> _Records provided_
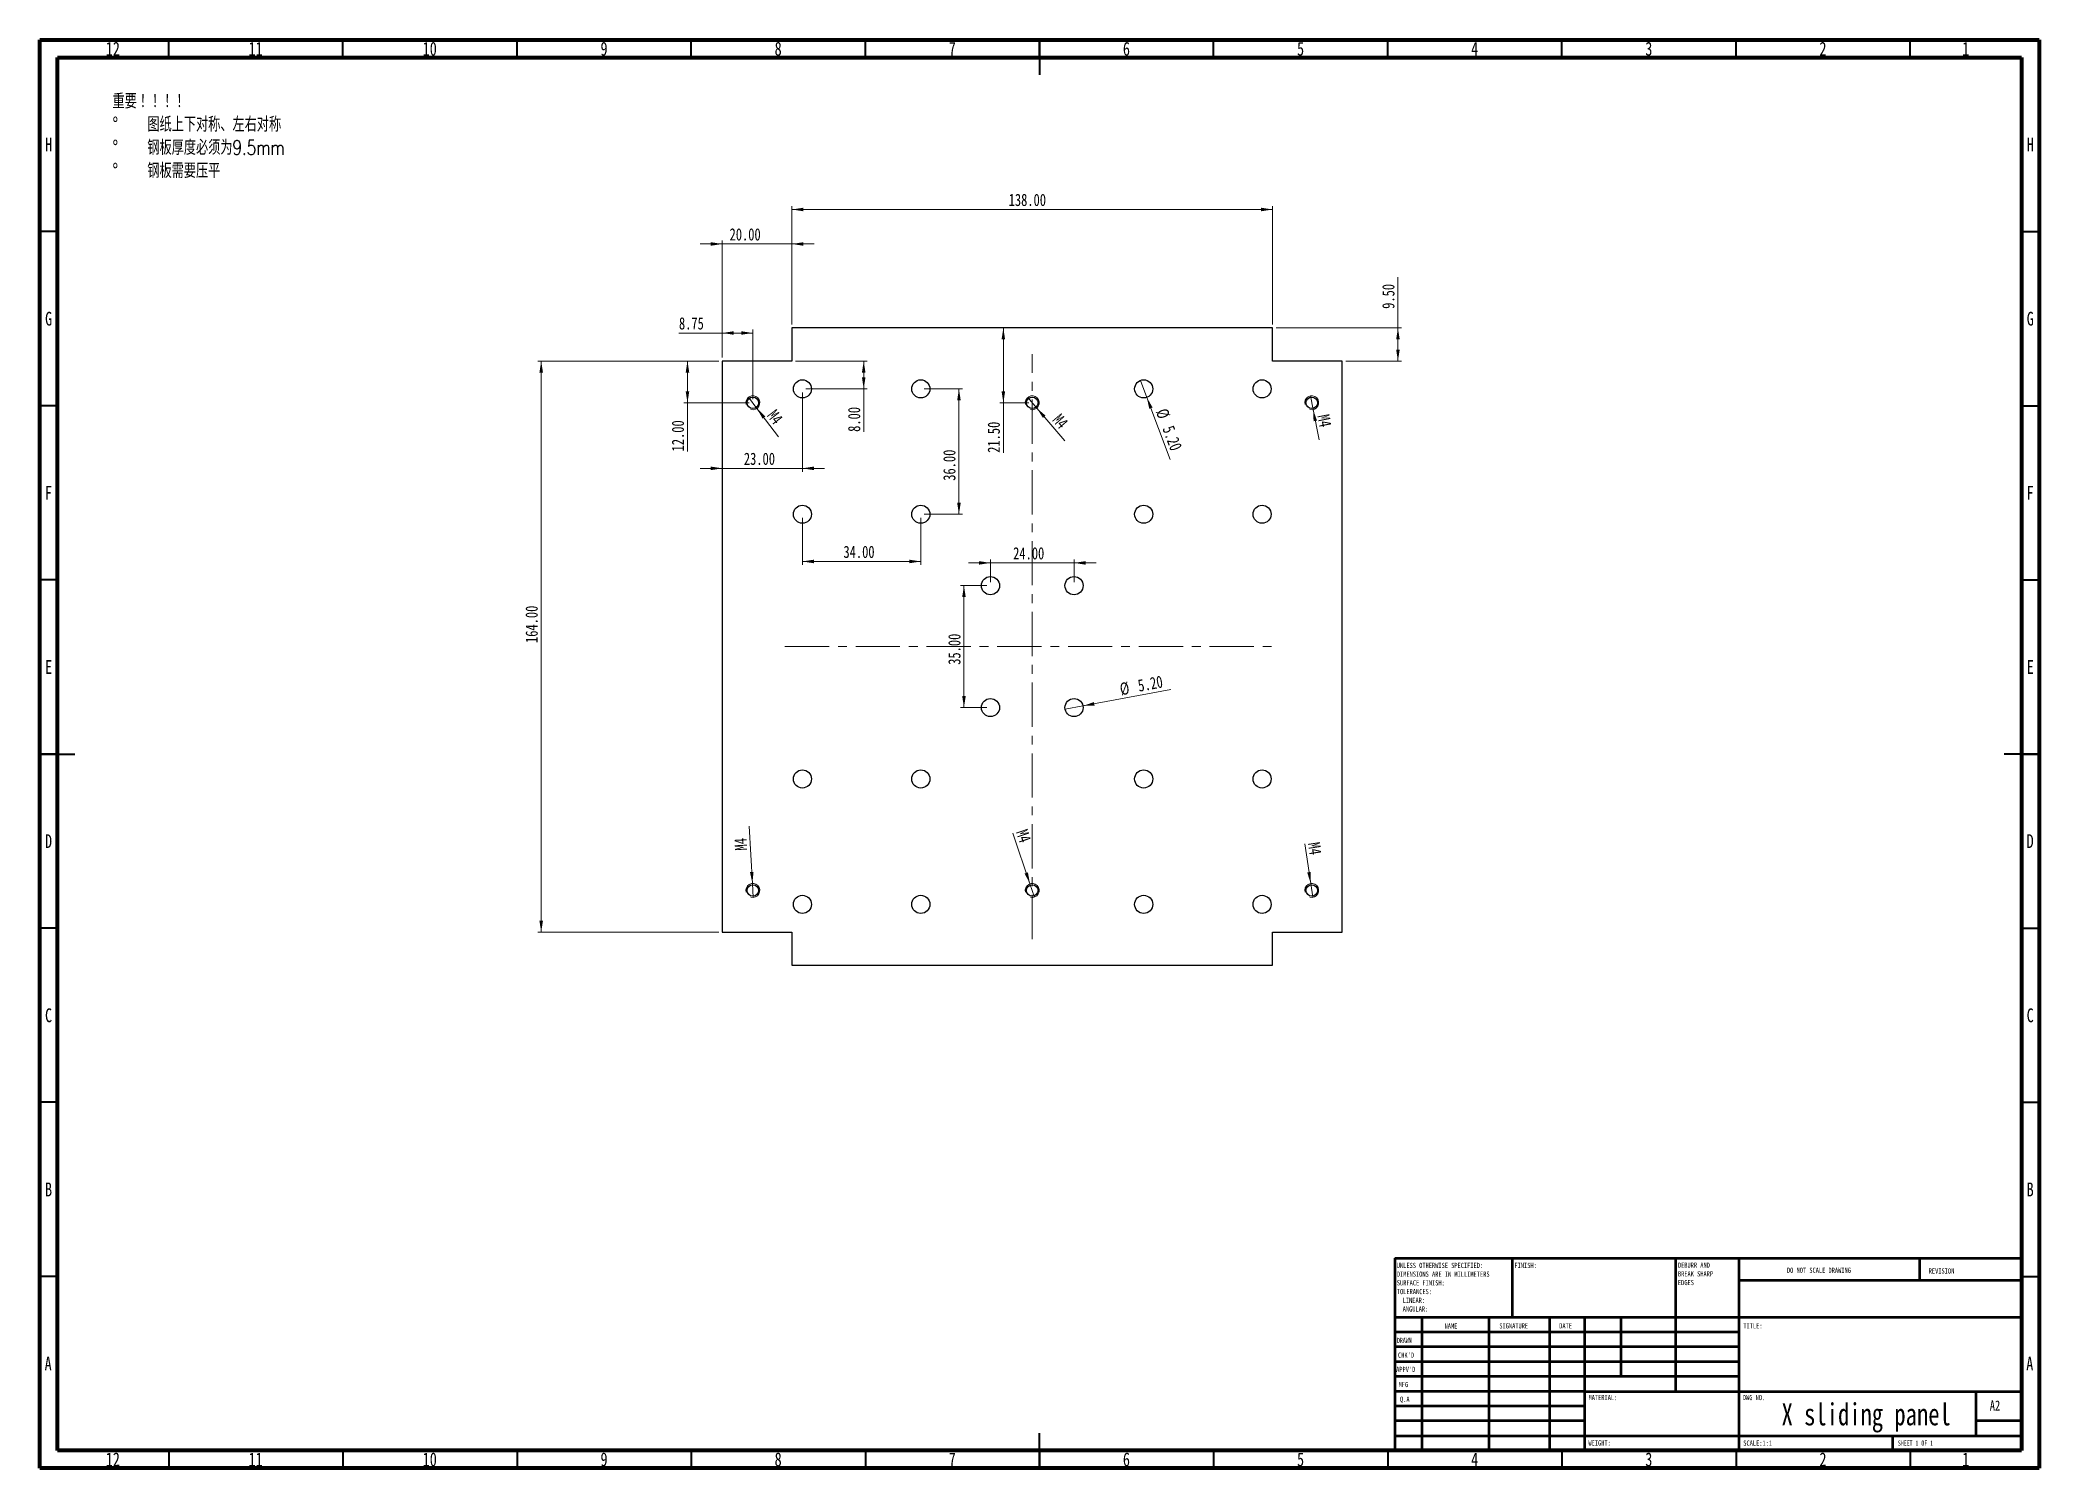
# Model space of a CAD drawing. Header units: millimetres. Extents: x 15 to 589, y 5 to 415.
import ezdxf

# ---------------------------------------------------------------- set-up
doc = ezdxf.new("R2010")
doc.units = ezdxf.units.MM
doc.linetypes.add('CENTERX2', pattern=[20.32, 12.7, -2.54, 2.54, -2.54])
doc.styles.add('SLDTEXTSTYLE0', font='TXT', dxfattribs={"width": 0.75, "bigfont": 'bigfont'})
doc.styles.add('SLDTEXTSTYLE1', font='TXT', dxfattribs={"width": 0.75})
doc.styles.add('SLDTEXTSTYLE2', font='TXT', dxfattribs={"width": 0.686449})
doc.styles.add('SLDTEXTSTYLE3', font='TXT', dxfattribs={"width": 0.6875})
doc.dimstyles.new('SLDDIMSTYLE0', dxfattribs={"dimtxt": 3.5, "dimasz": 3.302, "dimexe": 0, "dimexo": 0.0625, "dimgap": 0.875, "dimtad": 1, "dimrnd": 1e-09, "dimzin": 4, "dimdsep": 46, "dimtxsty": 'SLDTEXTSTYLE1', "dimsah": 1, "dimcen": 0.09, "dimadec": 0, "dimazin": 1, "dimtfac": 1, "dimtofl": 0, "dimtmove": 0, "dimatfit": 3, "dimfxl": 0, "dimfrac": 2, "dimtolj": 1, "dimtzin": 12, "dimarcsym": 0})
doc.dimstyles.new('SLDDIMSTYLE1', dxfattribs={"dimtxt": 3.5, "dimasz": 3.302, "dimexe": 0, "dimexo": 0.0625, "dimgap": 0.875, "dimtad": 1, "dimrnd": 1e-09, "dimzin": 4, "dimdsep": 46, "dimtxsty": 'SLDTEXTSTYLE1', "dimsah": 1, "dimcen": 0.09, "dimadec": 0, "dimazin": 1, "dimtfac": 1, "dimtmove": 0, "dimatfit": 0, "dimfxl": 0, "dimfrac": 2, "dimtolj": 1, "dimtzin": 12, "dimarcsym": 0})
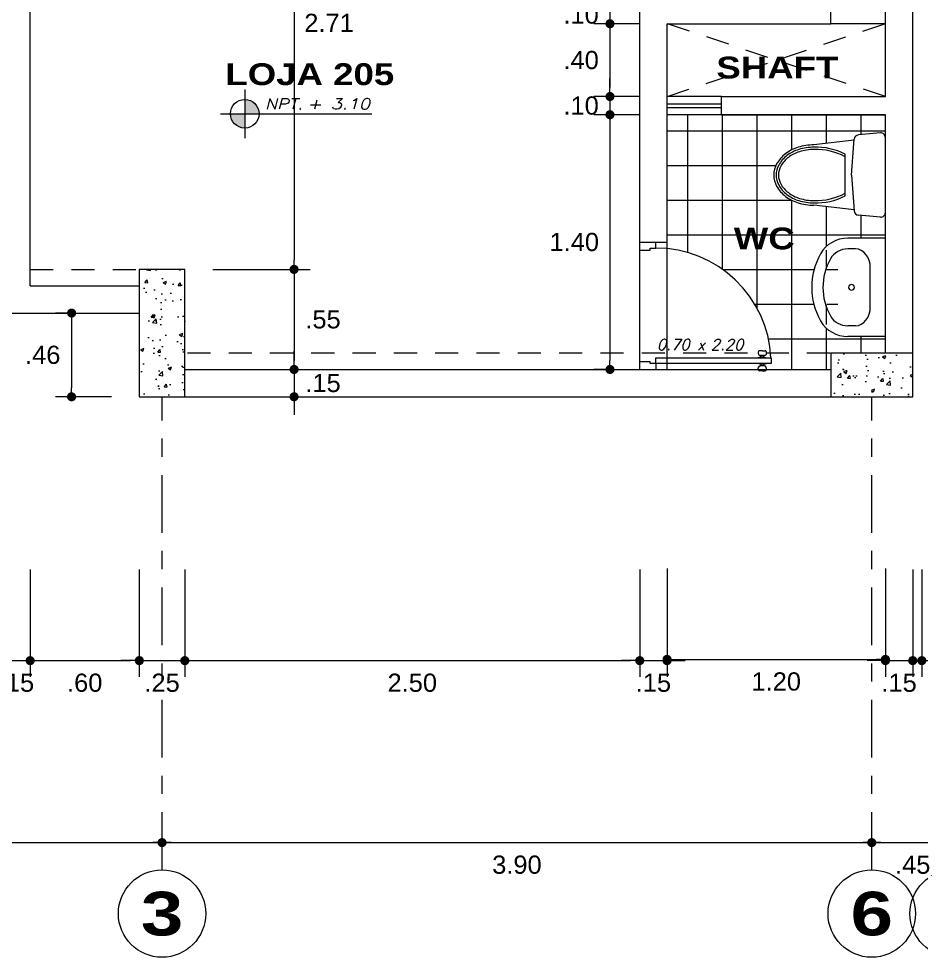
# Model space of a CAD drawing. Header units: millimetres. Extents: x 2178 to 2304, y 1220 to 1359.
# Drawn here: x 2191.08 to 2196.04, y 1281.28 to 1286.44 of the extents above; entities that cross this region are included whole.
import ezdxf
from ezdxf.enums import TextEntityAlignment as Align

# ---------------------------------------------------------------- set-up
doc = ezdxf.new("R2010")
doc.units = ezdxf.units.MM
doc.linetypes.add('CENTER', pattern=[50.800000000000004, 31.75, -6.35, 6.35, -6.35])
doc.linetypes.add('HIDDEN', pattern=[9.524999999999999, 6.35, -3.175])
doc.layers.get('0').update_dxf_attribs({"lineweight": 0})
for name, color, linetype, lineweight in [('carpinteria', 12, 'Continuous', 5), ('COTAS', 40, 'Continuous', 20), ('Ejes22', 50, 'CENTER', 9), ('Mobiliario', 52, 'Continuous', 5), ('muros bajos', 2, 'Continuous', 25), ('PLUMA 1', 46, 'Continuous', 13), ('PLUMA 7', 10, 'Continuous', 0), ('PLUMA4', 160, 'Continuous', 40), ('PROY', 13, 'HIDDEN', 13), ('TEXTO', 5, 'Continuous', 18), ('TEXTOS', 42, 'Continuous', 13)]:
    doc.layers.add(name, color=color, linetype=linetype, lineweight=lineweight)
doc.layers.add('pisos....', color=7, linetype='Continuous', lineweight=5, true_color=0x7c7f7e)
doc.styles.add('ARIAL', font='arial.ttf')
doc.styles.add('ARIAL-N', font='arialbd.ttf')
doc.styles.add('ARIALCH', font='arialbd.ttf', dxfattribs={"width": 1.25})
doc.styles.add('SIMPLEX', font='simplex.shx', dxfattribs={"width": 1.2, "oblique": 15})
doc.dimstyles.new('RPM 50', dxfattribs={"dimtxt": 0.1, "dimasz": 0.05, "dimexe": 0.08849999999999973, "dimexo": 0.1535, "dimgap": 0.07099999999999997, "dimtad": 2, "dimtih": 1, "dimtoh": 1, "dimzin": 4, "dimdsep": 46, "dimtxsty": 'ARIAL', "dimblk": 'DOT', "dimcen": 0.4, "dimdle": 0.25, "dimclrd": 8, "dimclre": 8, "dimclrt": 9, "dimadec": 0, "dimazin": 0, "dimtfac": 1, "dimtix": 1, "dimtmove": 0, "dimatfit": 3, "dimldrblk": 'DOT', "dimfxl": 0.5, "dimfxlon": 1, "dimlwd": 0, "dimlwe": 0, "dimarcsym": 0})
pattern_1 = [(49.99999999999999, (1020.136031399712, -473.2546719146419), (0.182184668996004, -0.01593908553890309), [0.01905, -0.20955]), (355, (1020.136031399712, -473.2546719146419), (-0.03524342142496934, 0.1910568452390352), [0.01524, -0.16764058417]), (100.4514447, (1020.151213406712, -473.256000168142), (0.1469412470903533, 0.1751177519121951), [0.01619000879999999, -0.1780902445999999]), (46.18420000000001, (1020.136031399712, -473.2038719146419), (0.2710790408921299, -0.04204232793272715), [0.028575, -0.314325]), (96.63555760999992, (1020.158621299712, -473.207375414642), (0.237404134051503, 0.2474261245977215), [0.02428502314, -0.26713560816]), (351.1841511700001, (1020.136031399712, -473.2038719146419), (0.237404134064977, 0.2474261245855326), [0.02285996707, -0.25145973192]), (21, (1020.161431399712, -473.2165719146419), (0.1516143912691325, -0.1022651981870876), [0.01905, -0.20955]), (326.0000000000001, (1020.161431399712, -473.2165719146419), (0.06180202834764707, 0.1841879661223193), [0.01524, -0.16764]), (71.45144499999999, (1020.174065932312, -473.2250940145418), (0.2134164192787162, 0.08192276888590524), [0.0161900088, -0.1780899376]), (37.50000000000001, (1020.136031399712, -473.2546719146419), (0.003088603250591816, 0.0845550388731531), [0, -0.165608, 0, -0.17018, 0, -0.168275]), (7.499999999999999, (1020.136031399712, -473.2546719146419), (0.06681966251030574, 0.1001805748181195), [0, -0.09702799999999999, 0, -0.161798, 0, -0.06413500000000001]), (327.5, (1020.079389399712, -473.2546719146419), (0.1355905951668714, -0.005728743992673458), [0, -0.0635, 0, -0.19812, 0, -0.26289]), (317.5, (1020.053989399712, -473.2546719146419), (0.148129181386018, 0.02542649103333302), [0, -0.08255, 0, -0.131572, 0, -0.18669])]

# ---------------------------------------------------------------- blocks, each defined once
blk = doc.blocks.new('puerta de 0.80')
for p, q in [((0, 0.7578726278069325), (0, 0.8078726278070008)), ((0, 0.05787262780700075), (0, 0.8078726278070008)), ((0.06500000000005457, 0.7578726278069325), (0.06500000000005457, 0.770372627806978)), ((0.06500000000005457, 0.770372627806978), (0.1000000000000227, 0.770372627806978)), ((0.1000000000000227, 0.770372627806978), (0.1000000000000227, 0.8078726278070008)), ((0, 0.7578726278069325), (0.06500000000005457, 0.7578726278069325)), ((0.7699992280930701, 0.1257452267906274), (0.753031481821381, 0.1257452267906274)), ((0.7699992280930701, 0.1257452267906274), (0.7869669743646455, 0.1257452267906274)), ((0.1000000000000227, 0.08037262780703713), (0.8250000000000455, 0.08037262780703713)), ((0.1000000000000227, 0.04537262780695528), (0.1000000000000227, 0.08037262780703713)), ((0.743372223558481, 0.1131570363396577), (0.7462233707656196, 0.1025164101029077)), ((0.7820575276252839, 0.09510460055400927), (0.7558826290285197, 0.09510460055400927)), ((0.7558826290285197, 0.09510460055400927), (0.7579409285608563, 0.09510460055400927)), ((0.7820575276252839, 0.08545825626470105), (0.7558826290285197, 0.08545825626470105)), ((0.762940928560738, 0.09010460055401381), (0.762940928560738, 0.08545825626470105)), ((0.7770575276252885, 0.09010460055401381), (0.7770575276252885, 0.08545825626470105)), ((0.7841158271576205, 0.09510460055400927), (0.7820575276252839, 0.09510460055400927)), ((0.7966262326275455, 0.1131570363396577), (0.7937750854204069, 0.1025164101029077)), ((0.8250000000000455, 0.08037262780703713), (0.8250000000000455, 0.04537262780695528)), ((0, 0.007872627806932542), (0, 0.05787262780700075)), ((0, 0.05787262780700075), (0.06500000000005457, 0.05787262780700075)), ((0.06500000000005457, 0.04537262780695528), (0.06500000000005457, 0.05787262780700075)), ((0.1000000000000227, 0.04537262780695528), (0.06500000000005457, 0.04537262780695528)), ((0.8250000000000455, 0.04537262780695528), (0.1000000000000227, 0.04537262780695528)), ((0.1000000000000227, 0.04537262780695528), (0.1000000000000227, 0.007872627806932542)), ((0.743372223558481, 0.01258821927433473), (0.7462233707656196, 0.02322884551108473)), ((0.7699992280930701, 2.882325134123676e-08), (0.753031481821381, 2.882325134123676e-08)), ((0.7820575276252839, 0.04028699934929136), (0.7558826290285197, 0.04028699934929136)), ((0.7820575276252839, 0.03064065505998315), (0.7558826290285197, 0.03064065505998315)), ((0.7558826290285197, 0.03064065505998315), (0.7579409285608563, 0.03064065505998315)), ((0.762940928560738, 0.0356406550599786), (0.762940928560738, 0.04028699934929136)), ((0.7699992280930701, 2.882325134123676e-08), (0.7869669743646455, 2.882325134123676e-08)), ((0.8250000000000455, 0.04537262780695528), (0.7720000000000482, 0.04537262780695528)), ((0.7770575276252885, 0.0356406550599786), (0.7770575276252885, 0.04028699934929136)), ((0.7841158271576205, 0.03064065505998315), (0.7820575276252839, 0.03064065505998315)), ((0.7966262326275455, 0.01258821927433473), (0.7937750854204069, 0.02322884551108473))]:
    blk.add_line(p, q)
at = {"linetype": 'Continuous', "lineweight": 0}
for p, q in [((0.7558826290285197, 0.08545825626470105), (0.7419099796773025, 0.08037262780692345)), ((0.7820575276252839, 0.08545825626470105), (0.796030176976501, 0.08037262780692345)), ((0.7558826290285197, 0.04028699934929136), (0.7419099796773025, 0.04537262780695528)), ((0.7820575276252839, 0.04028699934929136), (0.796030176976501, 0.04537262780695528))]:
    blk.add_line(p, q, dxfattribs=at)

> _Activity_
Pull out all lines of the data with the string "dimcen".

> _Written reply_
doc.dimstyles.new('SLDDIMSTYLE0', dxfattribs={"dimtxt": 3.5, "dimasz": 3.302, "dimexe": 0, "dimexo": 0.0625, "dimgap": 0.875, "dimtad": 1, "dimrnd": 1e-09, "dimzin": 4, "dimdsep": 46, "dimtxsty": 'SLDTEXTSTYLE1', "dimsah": 1, "dimcen": 0.09, "dimadec": 0, "dimazin": 1, "dimtfac": 1, "dimtofl": 0, "dimtmove": 0, "dimatfit": 3, "dimfxl": 0, "dimfrac": 2, "dimtolj": 1, "dimtzin": 12, "dimarcsym": 0})
doc.dimstyles.new('SLDDIMSTYLE1', dxfattribs={"dimtxt": 3.5, "dimasz": 3.302, "dimexe": 0, "dimexo": 0.0625, "dimgap": 0.875, "dimtad": 1, "dimrnd": 1e-09, "dimzin": 4, "dimdsep": 46, "dimtxsty": 'SLDTEXTSTYLE1', "dimsah": 1, "dimcen": 0.09, "dimadec": 0, "dimazin": 1, "dimtfac": 1, "dimtmove": 0, "dimatfit": 0, "dimfxl": 0, "dimfrac": 2, "dimtolj": 1, "dimtzin": 12, "dimarcsym": 0})
doc.dimstyles.new('RPM 50', dxfattribs={"dimtxt": 0.1, "dimasz": 0.05, "dimexe": 0.08849999999999973, "dimexo": 0.1535, "dimgap": 0.07099999999999997, "dimtad": 2, "dimtih": 1, "dimtoh": 1, "dimzin": 4, "dimdsep": 46, "dimtxsty": 'ARIAL', "dimblk": 'DOT', "dimcen": 0.4, "dimdle": 0.25, "dimclrd": 8, "dimclre": 8, "dimclrt": 9, "dimadec": 0, "dimazin": 0, "dimtfac": 1, "dimtix": 1, "dimtmove": 0, "dimatfit": 3, "dimldrblk": 'DOT', "dimfxl": 0.5, "dimfxlon": 1, "dimlwd": 0, "dimlwe": 0, "dimarcsym": 0})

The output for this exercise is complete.